### [EXERCISE INSTRUCTIONS]
Only the lines below starting at the one that contains "gpstx: MODULE1.2 (TXD), U2.13 (IO14)" and ending at the one that contains "vcc: C9.1, C10.1, D2.1 (K), U3.3 (VI)" are to be reproduced, exactly and with both ends kept.

---*---

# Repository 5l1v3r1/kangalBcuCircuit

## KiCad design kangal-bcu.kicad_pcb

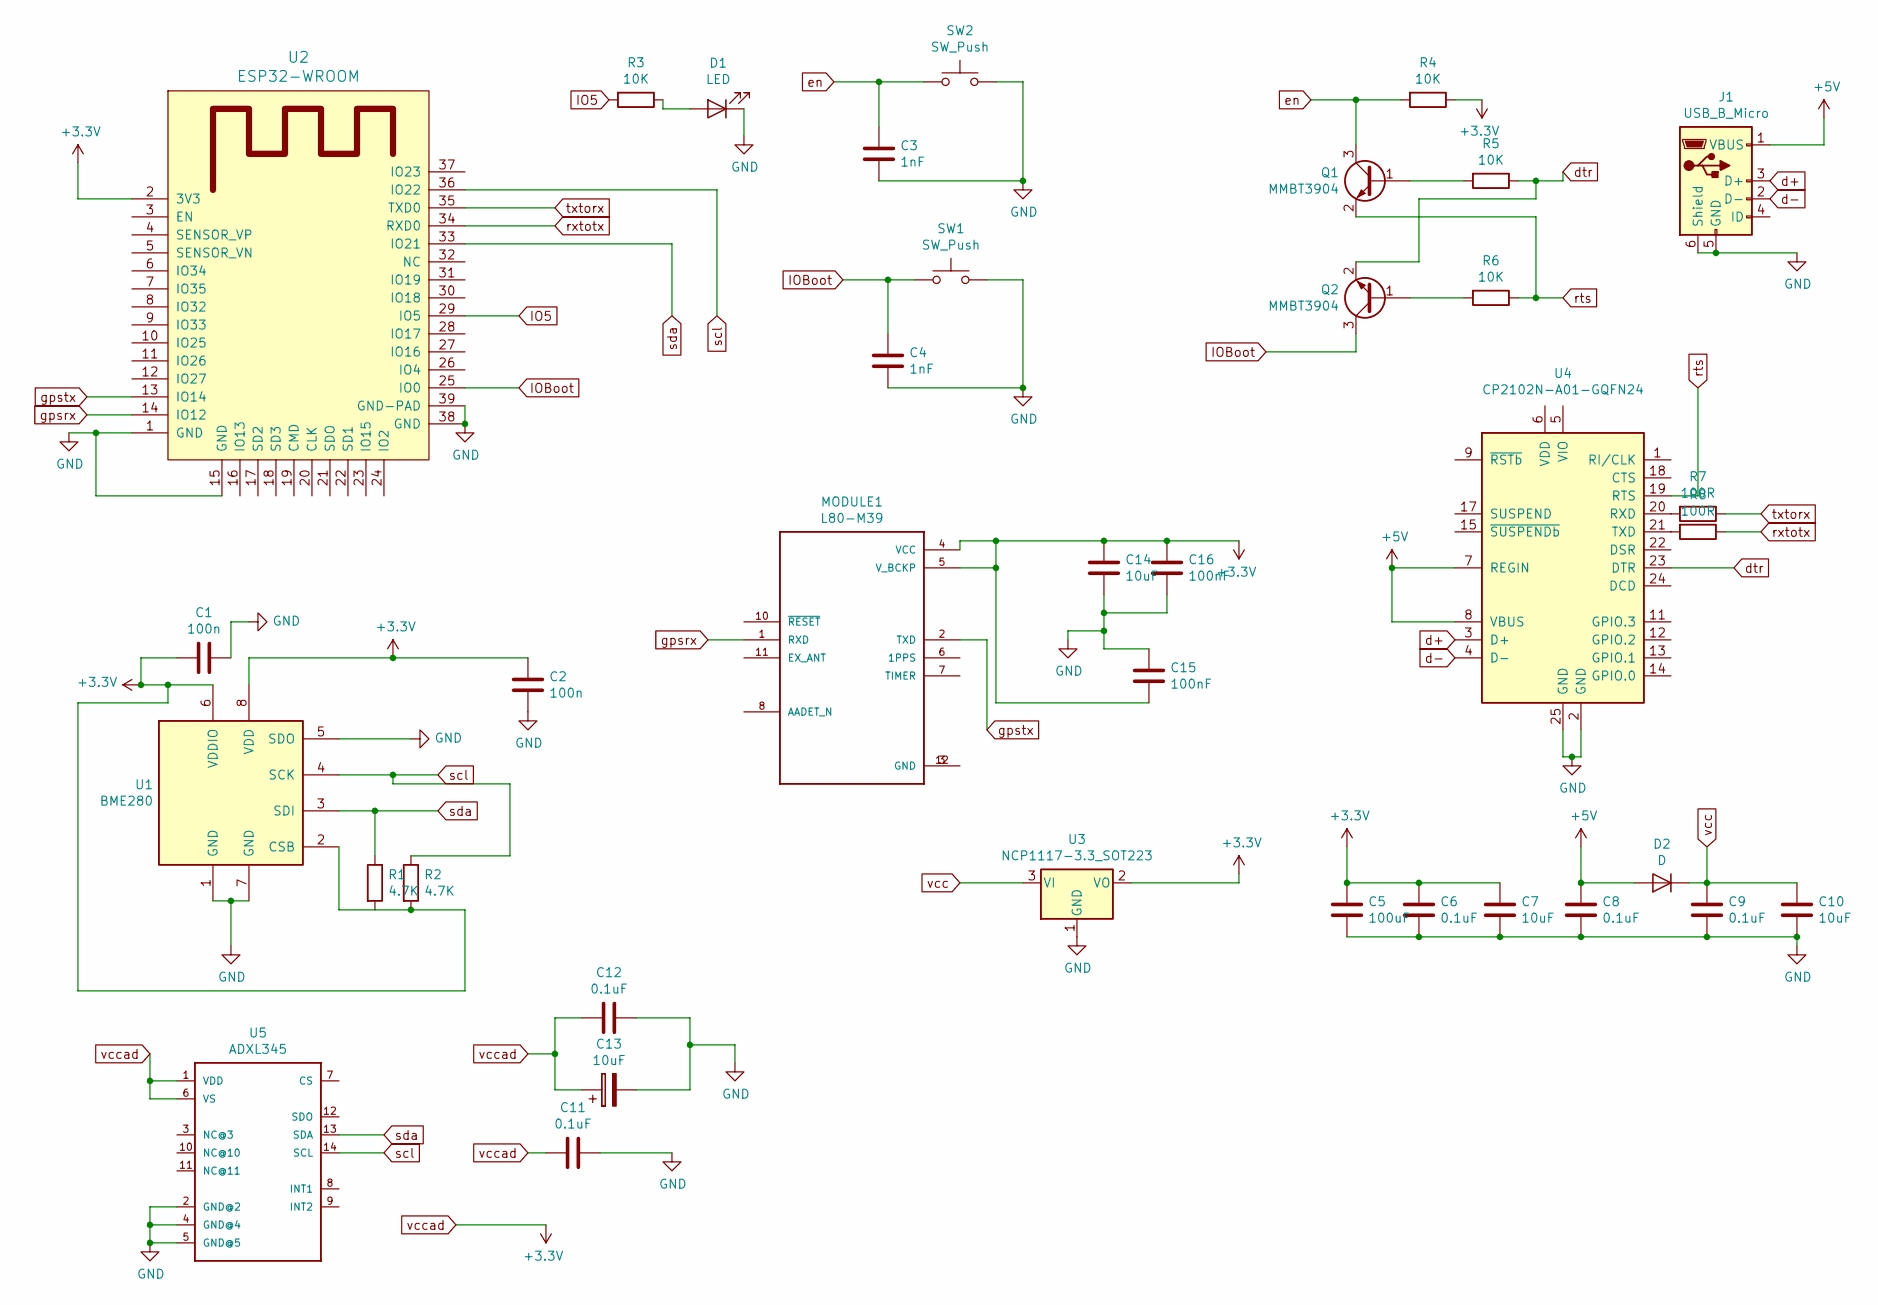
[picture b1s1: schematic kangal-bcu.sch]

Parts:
C1, C2: 100n; C_0805_2012Metric
C3, C4: 1nF; C_0805_2012Metric
C5: 100uF; C_0805_2012Metric
C6, C8, C9, C11, C12: 0.1uF; C_0805_2012Metric
C7, C10, C13, C14: 10uF; C_0805_2012Metric
C15, C16: 100nF; C_0805_2012Metric
D1: LED; LED_0805_2012Metric
D2: D; D_0805_2012Metric
J1: USB_B_Micro; USB_Micro-B_Amphenol_10103594-0001LF_Horizontal
MODULE1: L80-M39; QUECTEL_L80-M39
Q1, Q2: MMBT3904; SOT-23
R1, R2: 4.7K; R_0805_2012Metric
R3, R4, R5, R6: 10K; R_0805_2012Metric
R7, R8: 100R; R_0805_2012Metric
SW1, SW2: SW_Push; SW_SPST_PTS645
U1: BME280; Bosch_LGA-8_2.5x2.5mm_P0.65mm_ClockwisePinNumbering
U2: ESP32-WROOM; ESP32-WROOM-32
U3: NCP1117-3.3_SOT223; SOT-223-3_TabPin2
U4: CP2102N-A01-GQFN24; QFN-24-1EP_4x4mm_P0.5mm_EP2.6x2.6mm
U5: ADXL345; LGA-14

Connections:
+5V: C8.1, D2.2 (A), J1.1 (VBUS), U4.7 (REGIN), U4.8 (VBUS)
GND: C1.2, C2.2, C3.2, C4.2, C5.2, C6.2, C7.2, C8.2, C9.2, C10.2, C11.2, C12.1, C13.2, C14.1, C15.1, C16.2, D1.1 (K), J1.5 (GND), J1.6 (Shield), SW1.2, SW2.2, U1.1 (GND), U1.5 (SDO), U1.7 (GND), U2.1 (GND), U2.15 (GND), U2.38 (GND), U2.39 (GND-PAD), U3.1 (GND), U4.2 (GND), U4.25 (GND), U5.2 (GND@2), U5.4 (GND@4), U5.5 (GND@5)
IO5: R3.2, U2.29 (IO5)
IOBoot: C4.1, Q2.3 (C), SW1.1, U2.25 (IO0)
unnamed: D1.2 (A), R3.1
unnamed: MODULE1.3 (GND), MODULE1.12 (GND)
unnamed: Q1.1 (B), R5.2
unnamed: Q2.1 (B), R6.2
unnamed: R7.2, U4.20 (RXD)
unnamed: R8.2, U4.21 (TXD)
d+: J1.3 (D+), U4.3 (D+)
d-: J1.2 (D-), U4.4 (D-)
dtr: Q2.2 (E), R5.1, U4.23 (DTR)
en: C3.1, Q1.3 (C), R4.2, SW2.1
gpsrx: MODULE1.1 (RXD), U2.14 (IO12)
gpstx: MODULE1.2 (TXD), U2.13 (IO14)
rts: Q1.2 (E), R6.1, U4.19 (RTS)
rxtotx: R8.1, U2.34 (RXD0)
scl: R2.1, U1.4 (SCK), U2.36 (IO22), U5.14 (SCL)
sda: R1.1, U1.3 (SDI), U2.33 (IO21), U5.13 (SDA)
txtorx: R7.1, U2.35 (TXD0)
vcc: C9.1, C10.1, D2.1 (K), U3.3 (VI)
vccad: C1.1, C2.1, C5.1, C6.1, C7.1, C11.1, C12.2, C13.1, C14.2, C15.2, C16.1, MODULE1.4 (VCC), MODULE1.5 (V_BCKP), R1.2, R2.2, R4.1, U1.2 (CSB), U1.6 (VDDIO), U1.8 (VDD), U2.2 (3V3), U3.2 (VO), U5.1 (VDD), U5.6 (VS)

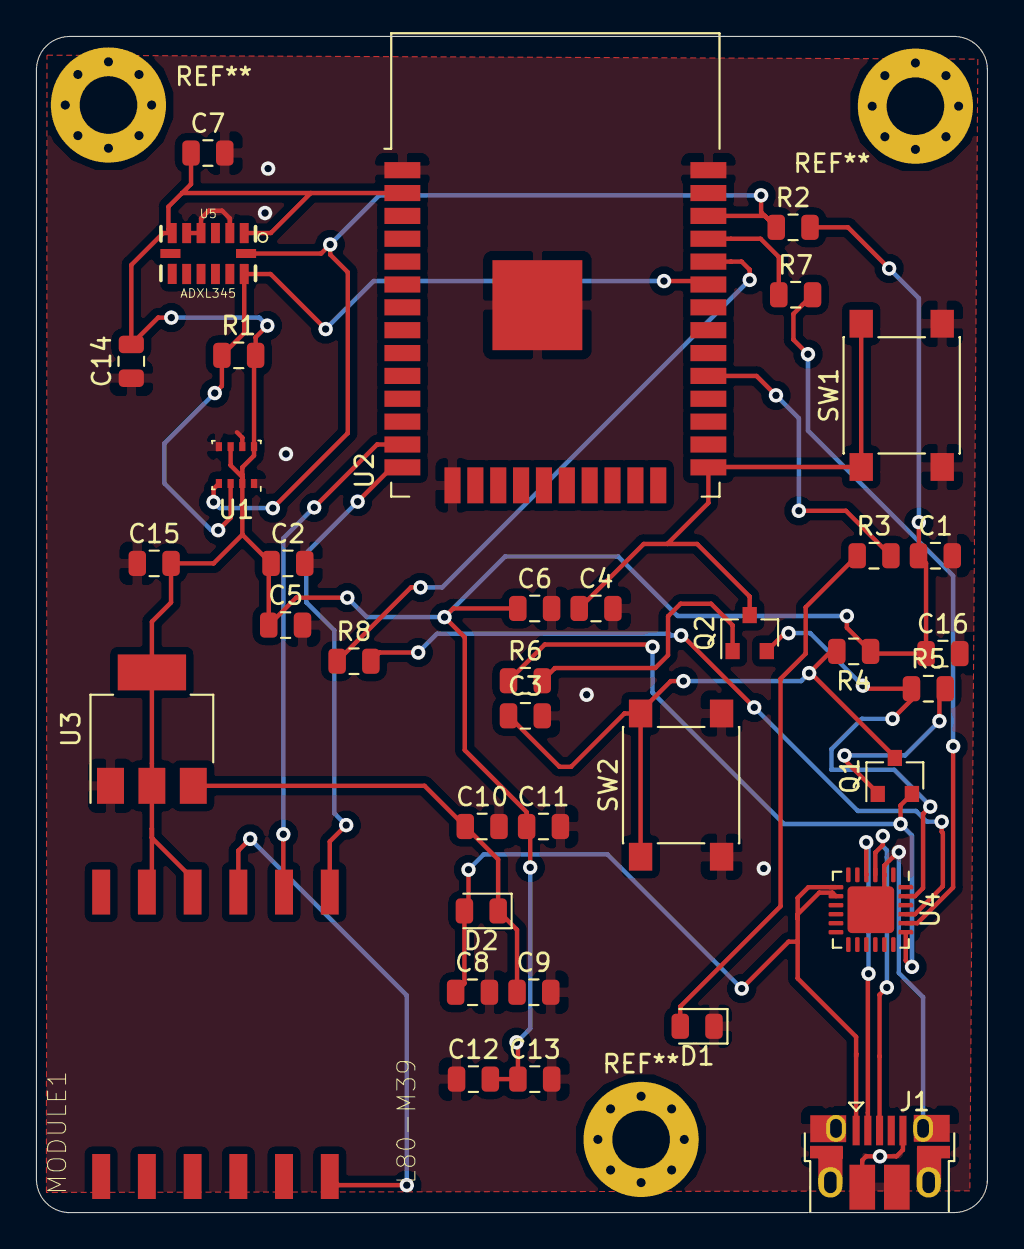
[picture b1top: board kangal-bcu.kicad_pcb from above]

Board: 2 copper layers, 52.8 x 65.3 mm, 37 parts (0 on the bottom side), 23 nets.

---*---

### [SOLUTION TO THIS TASK]
gpstx: MODULE1.2 (TXD), U2.13 (IO14)
rts: Q1.2 (E), R6.1, U4.19 (RTS)
rxtotx: R8.1, U2.34 (RXD0)
scl: R2.1, U1.4 (SCK), U2.36 (IO22), U5.14 (SCL)
sda: R1.1, U1.3 (SDI), U2.33 (IO21), U5.13 (SDA)
txtorx: R7.1, U2.35 (TXD0)
vcc: C9.1, C10.1, D2.1 (K), U3.3 (VI)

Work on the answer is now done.